I have this string pattern in my Spark dataframe: 'Sep 14, 2014, 1:34:36 PM'.
I want to convert this to date or datetime format, using Databricks and Spark.
I've already tried the cast and to_date functions, but nothing works and I got null return everytime.
How can I do that?
Thanks in advance!
CodePudding user response:
If we have a created table like this:
var ds = spark.sparkContext.parallelize(Seq(
"Sep 14, 2014, 01:34:36 PM"
)).toDF("date")
Through the following statement:
ds = ds.withColumn("casted", to_timestamp(col("date"), "MMM dd, yyyy, hh:mm:ss aa"))
You get this result:
------------------------- -------------------
|date |casted |
------------------------- -------------------
|Sep 14, 2014, 01:34:36 PM|2014-09-14 13:34:36|
------------------------- -------------------
which should be useful to you. You can use to_date
or other APIs that require a datetime format, good luck!
CodePudding user response:
Your date/time stamp string is incorrect. You have 1 instead of 01.
#
# 1 - Create sample dataframe view
#
# required library
from pyspark.sql.functions import *
# array of tuples - data
dat1 = [
("1", "Sep 14, 2014, 01:34:36 pm")
]
# array of names - columns
col1 = ["row_id", "date_string1"]
# make data frame
df1 = spark.createDataFrame(data=dat1, schema=col1)

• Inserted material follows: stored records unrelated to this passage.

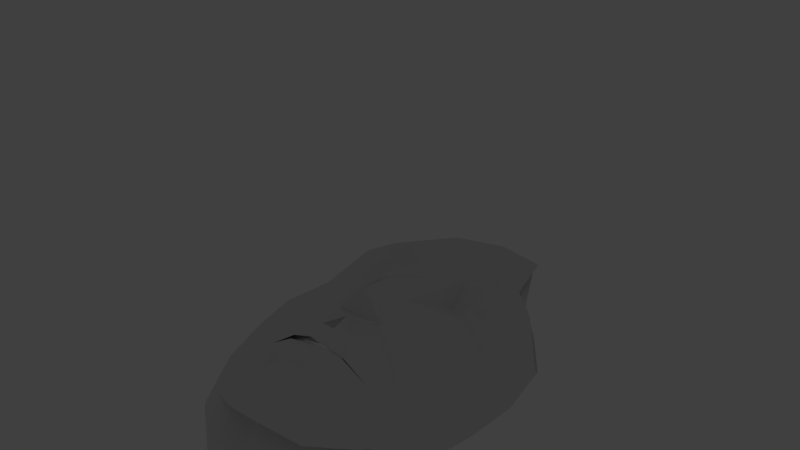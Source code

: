 # Source: blendshape.blend  (saved by Blender 2.79.0; exported with 4.5.12 LTS)
import bpy
from mathutils import Matrix  # noqa: F401  (used for matrix-valued properties, if any)

bpy.ops.wm.read_factory_settings(use_empty=True)
scene = bpy.context.scene
scene.name = 'Scene'

# ---- collections
col_collection_1 = bpy.data.collections.new('Collection 1'); scene.collection.children.link(col_collection_1)
col_collection_1.hide_render = True
col_collection_1.hide_viewport = True
col_collection_10 = bpy.data.collections.new('Collection 10'); scene.collection.children.link(col_collection_10)

# ---- materials (node trees are filled in below, after node groups)
mat_material_012 = bpy.data.materials.new('Material.012')
mat_material_012.alpha_threshold = 0.0
mat_material_012.use_transparent_shadow = False
mat_material_012.roughness = 0.5
mat_material_011 = bpy.data.materials.new('Material.011')
mat_material_011.alpha_threshold = 0.0
mat_material_011.use_transparent_shadow = False
mat_material_011.roughness = 0.5
mat_material_013 = bpy.data.materials.new('Material.013')
mat_material_013.alpha_threshold = 0.0
mat_material_013.use_transparent_shadow = False
mat_material_013.roughness = 0.5

# ---- material node trees

# ---- world
world_world = bpy.data.worlds.new('World'); scene.world = world_world
world_world.color = (0.05088, 0.05088, 0.05088)
world_world.use_sun_shadow = False
world_world.sun_shadow_jitter_overblur = 0.0
world_world.cycles.sampling_method = 'MANUAL'

# ---- lights
light_lamp = bpy.data.lights.new('Lamp', 'POINT')
light_lamp.transmission_factor = 0.0
light_lamp.cutoff_distance = 30.0
light_lamp.energy = 100.0
light_lamp.shadow_buffer_clip_start = 1.001
light_lamp.shadow_soft_size = 0.1
light_lamp.shadow_maximum_resolution = 0.006
light_lamp.use_absolute_resolution = True

# ---- meshes
me_facemesh_036 = bpy.data.meshes.new('faceMesh.036')
me_facemesh_036.from_pydata([(-29.55, 6.336, 22.15), (-31.0, -5.054, 21.8), (-29.14, -14.99, 20.92), (-26.5, -24.5, 20.79), (-18.12, -39.01, 20.42), (-10.32, -46.12, 20.51), (-3.012, -47.39, 20.94), (4.016, -45.6, 24.75), (13.89, -36.89, 21.54), (20.71, -25.42, 21.23), (23.76, -14.5, 22.56), (25.69, -5.639, 23.75), (24.73, 4.197, 24.05), (9.705, 31.6, 32.53), (-1.405, 34.36, 33.02), (-12.93, 32.62, 32.27), (-13.23, 14.76, 36.87), (-19.79, 15.18, 34.77), (-25.41, 12.36, 30.05), (-19.91, 11.81, 34.55), (-13.37, 11.38, 35.32), (-7.07, 11.26, 36.3), (2.734, 10.74, 36.32), (8.21, 14.14, 37.74), (13.85, 14.64, 36.45), (18.53, 10.82, 34.29), (13.79, 10.91, 36.34), (8.104, 10.6, 36.06), (11.13, 7.811, 36.66), (-16.6, 8.461, 35.52), (-10.58, 4.709, 32.84), (-13.49, 6.428, 34.07), (-16.76, 7.133, 35.26), (-19.51, 6.609, 33.98), (-21.02, 5.272, 31.03), (-18.49, 3.805, 31.9), (-15.89, 3.043, 32.56), (-13.06, 3.542, 32.66), (-14.55, 5.021, 32.42), (10.44, 4.699, 33.44), (5.071, 4.414, 33.86), (7.826, 5.8, 35.04), (11.15, 6.296, 36.53), (13.3, 5.519, 35.94), (14.78, 3.984, 33.21), (12.28, 2.94, 33.4), (10.06, 2.56, 33.73), (7.393, 3.092, 33.55), (1.743, -4.232, 39.2), (-3.767, -5.251, 44.73), (-8.108, -4.941, 39.43), (-7.661, -12.58, 39.36), (-2.061, -10.3, 45.72), (2.229, -12.83, 39.97), (5.374, -10.71, 35.18), (3.21, -14.49, 36.88), (-3.077, -15.23, 40.16), (-10.05, -14.08, 36.3), (-12.37, -10.14, 34.71), (-13.99, -25.69, 33.93), (-10.49, -22.08, 37.78), (-6.462, -20.98, 39.88), (-3.359, -21.21, 40.4), (-1.043, -21.02, 40.22), (2.622, -22.35, 38.6), (4.294, -25.98, 34.96), (0.3996, -24.32, 38.02), (-3.691, -24.1, 39.02), (-8.367, -24.07, 37.35), (-8.467, -24.84, 36.76), (-4.09, -25.59, 38.69), (0.1983, -24.95, 37.64), (2.178, -27.62, 37.21), (-0.623, -28.53, 39.11), (-4.212, -28.76, 39.56), (-8.374, -28.55, 37.85), (-11.61, -27.54, 35.19)], [], [(11, 12, 44), (11, 44, 45), (11, 45, 46), (11, 46, 48), (48, 46, 47), (48, 47, 40), (12, 25, 44), (25, 43, 44), (25, 26, 43), (25, 24, 26), (43, 26, 28), (43, 28, 42), (26, 24, 23), (26, 23, 27), (28, 26, 27), (41, 28, 27), (41, 42, 28), (40, 41, 22), (22, 41, 27), (22, 27, 23), (13, 23, 24), (14, 23, 13), (14, 22, 23), (0, 1, 34), (1, 35, 34), (1, 36, 35), (1, 50, 36), (50, 37, 36), (50, 30, 37), (0, 34, 18), (18, 34, 33), (18, 33, 19), (18, 19, 17), (33, 32, 29), (33, 29, 19), (19, 16, 17), (19, 20, 16), (19, 29, 20), (32, 31, 29), (29, 31, 20), (31, 30, 21), (20, 31, 21), (16, 20, 21), (17, 16, 15), (15, 16, 14), (14, 16, 21), (14, 21, 22), (21, 49, 22), (21, 30, 50), (21, 50, 49), (22, 49, 48), (22, 48, 40), (50, 51, 49), (51, 52, 49), (49, 52, 53), (49, 53, 48), (51, 53, 52), (50, 58, 51), (58, 57, 51), (51, 57, 56), (51, 56, 53), (53, 56, 55), (53, 55, 54), (48, 53, 54), (1, 2, 58), (1, 58, 50), (2, 3, 58), (3, 57, 58), (48, 54, 11), (11, 54, 10), (10, 54, 9), (54, 55, 9), (56, 61, 62), (56, 62, 63), (57, 61, 56), (57, 60, 61), (57, 59, 60), (3, 59, 57), (3, 4, 59), (56, 62, 63), (56, 63, 55), (55, 63, 64), (55, 64, 65), (55, 65, 9), (9, 65, 8), (59, 4, 76), (4, 5, 76), (5, 75, 76), (5, 6, 75), (6, 74, 75), (74, 6, 73), (6, 7, 73), (7, 72, 73), (7, 8, 72), (8, 65, 72), (59, 68, 60), (60, 68, 61), (68, 67, 61), (61, 67, 62), (62, 67, 63), (63, 67, 66), (63, 66, 64), (64, 66, 65), (59, 76, 69), (76, 75, 69), (75, 70, 69), (75, 74, 70), (70, 74, 73), (70, 73, 71), (71, 73, 72), (71, 72, 65), (34, 35, 38), (35, 36, 38), (36, 37, 38), (37, 30, 38), (30, 31, 38), (31, 32, 38), (32, 33, 38), (33, 34, 38), (40, 47, 39), (47, 46, 39), (46, 45, 39), (45, 44, 39), (44, 43, 39), (43, 42, 39), (42, 41, 39), (41, 40, 39)])
me_facemesh_036.use_remesh_preserve_volume = False
me_facemesh_036.use_remesh_preserve_attributes = False
me_facemesh_036.use_mirror_vertex_groups = False
me_facemesh_036.update()
me_facemesh_048 = bpy.data.meshes.new('faceMesh.048')
me_facemesh_048.from_pydata([(-25.68, -4.449, -10.04), (-27.44, -14.46, -10.46), (-26.29, -23.9, -11.54), (-23.96, -33.51, -12.65), (-16.87, -46.12, -13.07), (-8.221, -53.25, -14.5), (-1.52, -54.13, -19.23), (5.177, -52.77, -13.13), (16.25, -45.03, -12.7), (23.48, -34.11, -13.04), (26.13, -24.52, -11.84), (27.36, -15.07, -10.79), (25.76, -4.779, -9.994), (9.321, 20.29, -4.0), (-0.9311, 22.78, -4.379), (-10.86, 20.2, -4.524), (-9.656, 3.138, 0.8855), (-14.98, 4.143, -0.6902), (-20.39, 1.879, -3.402), (-15.18, 1.255, -0.9665), (-10.13, 0.266, -0.8441), (-5.111, -0.1518, -0.08576), (5.111, 0.1518, 0.08576), (10.32, 3.465, 0.8654), (15.4, 4.332, -0.913), (19.96, 1.347, -3.037), (15.61, 1.244, -0.8739), (10.46, 0.5599, -0.5942), (11.32, -2.161, -0.9104), (-13.03, -2.34, -0.7745), (-7.952, -6.112, -3.105), (-10.46, -4.463, -1.99), (-13.14, -3.76, -1.103), (-15.26, -4.262, -2.302), (-17.23, -5.654, -4.188), (-15.24, -7.405, -3.147), (-12.87, -8.138, -2.465), (-10.4, -7.633, -2.613), (-13.17, -5.789, -1.762), (11.01, -5.633, -1.713), (6.035, -5.966, -2.971), (8.508, -4.276, -2.19), (11.37, -3.617, -0.9493), (13.8, -4.198, -1.504), (15.35, -5.758, -3.344), (13.2, -7.278, -2.859), (11.03, -7.822, -2.392), (8.443, -7.287, -2.784), (3.95, -16.19, 2.335), (-0.2695, -16.9, 6.782), (-4.908, -16.4, 2.712), (-4.511, -23.69, 1.22), (0.1703, -21.57, 7.816), (3.793, -23.73, 1.549), (6.936, -21.26, -0.06743), (4.877, -25.25, -0.6218), (-0.5381, -26.23, 2.096), (-6.443, -25.16, -1.349), (-8.19, -20.69, -2.055), (-9.614, -35.56, -2.567), (-6.808, -32.52, 0.4501), (-3.42, -31.49, 2.637), (-0.8663, -31.9, 3.32), (1.517, -31.54, 3.011), (4.641, -32.64, 1.421), (6.456, -35.83, -1.683), (2.66, -34.71, 1.132), (-1.061, -34.64, 1.853), (-5.248, -34.46, 0.3744), (-5.39, -35.22, -0.04493), (-1.243, -35.87, 1.269), (2.463, -35.33, 0.865), (4.667, -37.79, -0.2265), (2.165, -38.77, 1.098), (-1.421, -39.12, 1.333), (-5.118, -38.68, 0.3505), (-7.808, -37.62, -1.601)], [], [(11, 12, 44), (11, 44, 45), (11, 45, 46), (11, 46, 48), (48, 46, 47), (48, 47, 40), (12, 25, 44), (25, 43, 44), (25, 26, 43), (25, 24, 26), (43, 26, 28), (43, 28, 42), (26, 24, 23), (26, 23, 27), (28, 26, 27), (41, 28, 27), (41, 42, 28), (40, 41, 22), (22, 41, 27), (22, 27, 23), (13, 23, 24), (14, 23, 13), (14, 22, 23), (0, 1, 34), (1, 35, 34), (1, 36, 35), (1, 50, 36), (50, 37, 36), (50, 30, 37), (0, 34, 18), (18, 34, 33), (18, 33, 19), (18, 19, 17), (33, 32, 29), (33, 29, 19), (19, 16, 17), (19, 20, 16), (19, 29, 20), (32, 31, 29), (29, 31, 20), (31, 30, 21), (20, 31, 21), (16, 20, 21), (17, 16, 15), (15, 16, 14), (14, 16, 21), (14, 21, 22), (21, 49, 22), (21, 30, 50), (21, 50, 49), (22, 49, 48), (22, 48, 40), (50, 51, 49), (51, 52, 49), (49, 52, 53), (49, 53, 48), (51, 53, 52), (50, 58, 51), (58, 57, 51), (51, 57, 56), (51, 56, 53), (53, 56, 55), (53, 55, 54), (48, 53, 54), (1, 2, 58), (1, 58, 50), (2, 3, 58), (3, 57, 58), (48, 54, 11), (11, 54, 10), (10, 54, 9), (54, 55, 9), (56, 61, 62), (56, 62, 63), (57, 61, 56), (57, 60, 61), (57, 59, 60), (3, 59, 57), (3, 4, 59), (56, 62, 63), (56, 63, 55), (55, 63, 64), (55, 64, 65), (55, 65, 9), (9, 65, 8), (59, 4, 76), (4, 5, 76), (5, 75, 76), (5, 6, 75), (6, 74, 75), (74, 6, 73), (6, 7, 73), (7, 72, 73), (7, 8, 72), (8, 65, 72), (59, 68, 60), (60, 68, 61), (68, 67, 61), (61, 67, 62), (62, 67, 63), (63, 67, 66), (63, 66, 64), (64, 66, 65), (59, 76, 69), (76, 75, 69), (75, 70, 69), (75, 74, 70), (70, 74, 73), (70, 73, 71), (71, 73, 72), (71, 72, 65), (34, 35, 38), (35, 36, 38), (36, 37, 38), (37, 30, 38), (30, 31, 38), (31, 32, 38), (32, 33, 38), (33, 34, 38), (40, 47, 39), (47, 46, 39), (46, 45, 39), (45, 44, 39), (44, 43, 39), (43, 42, 39), (42, 41, 39), (41, 40, 39)])
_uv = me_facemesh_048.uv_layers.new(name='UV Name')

# expand date range into list of dates
df1 = df1.withColumn("time_stamp1", to_timestamp(col("date_string1"), "MMM dd, yyyy, hh:mm:ss a"))
# show schema
df1.printSchema()
# show data
display(df1)
This code produces the correct answer.
If the data has 1:34:36, it fails. You can use a when clause to pick the correct conversion.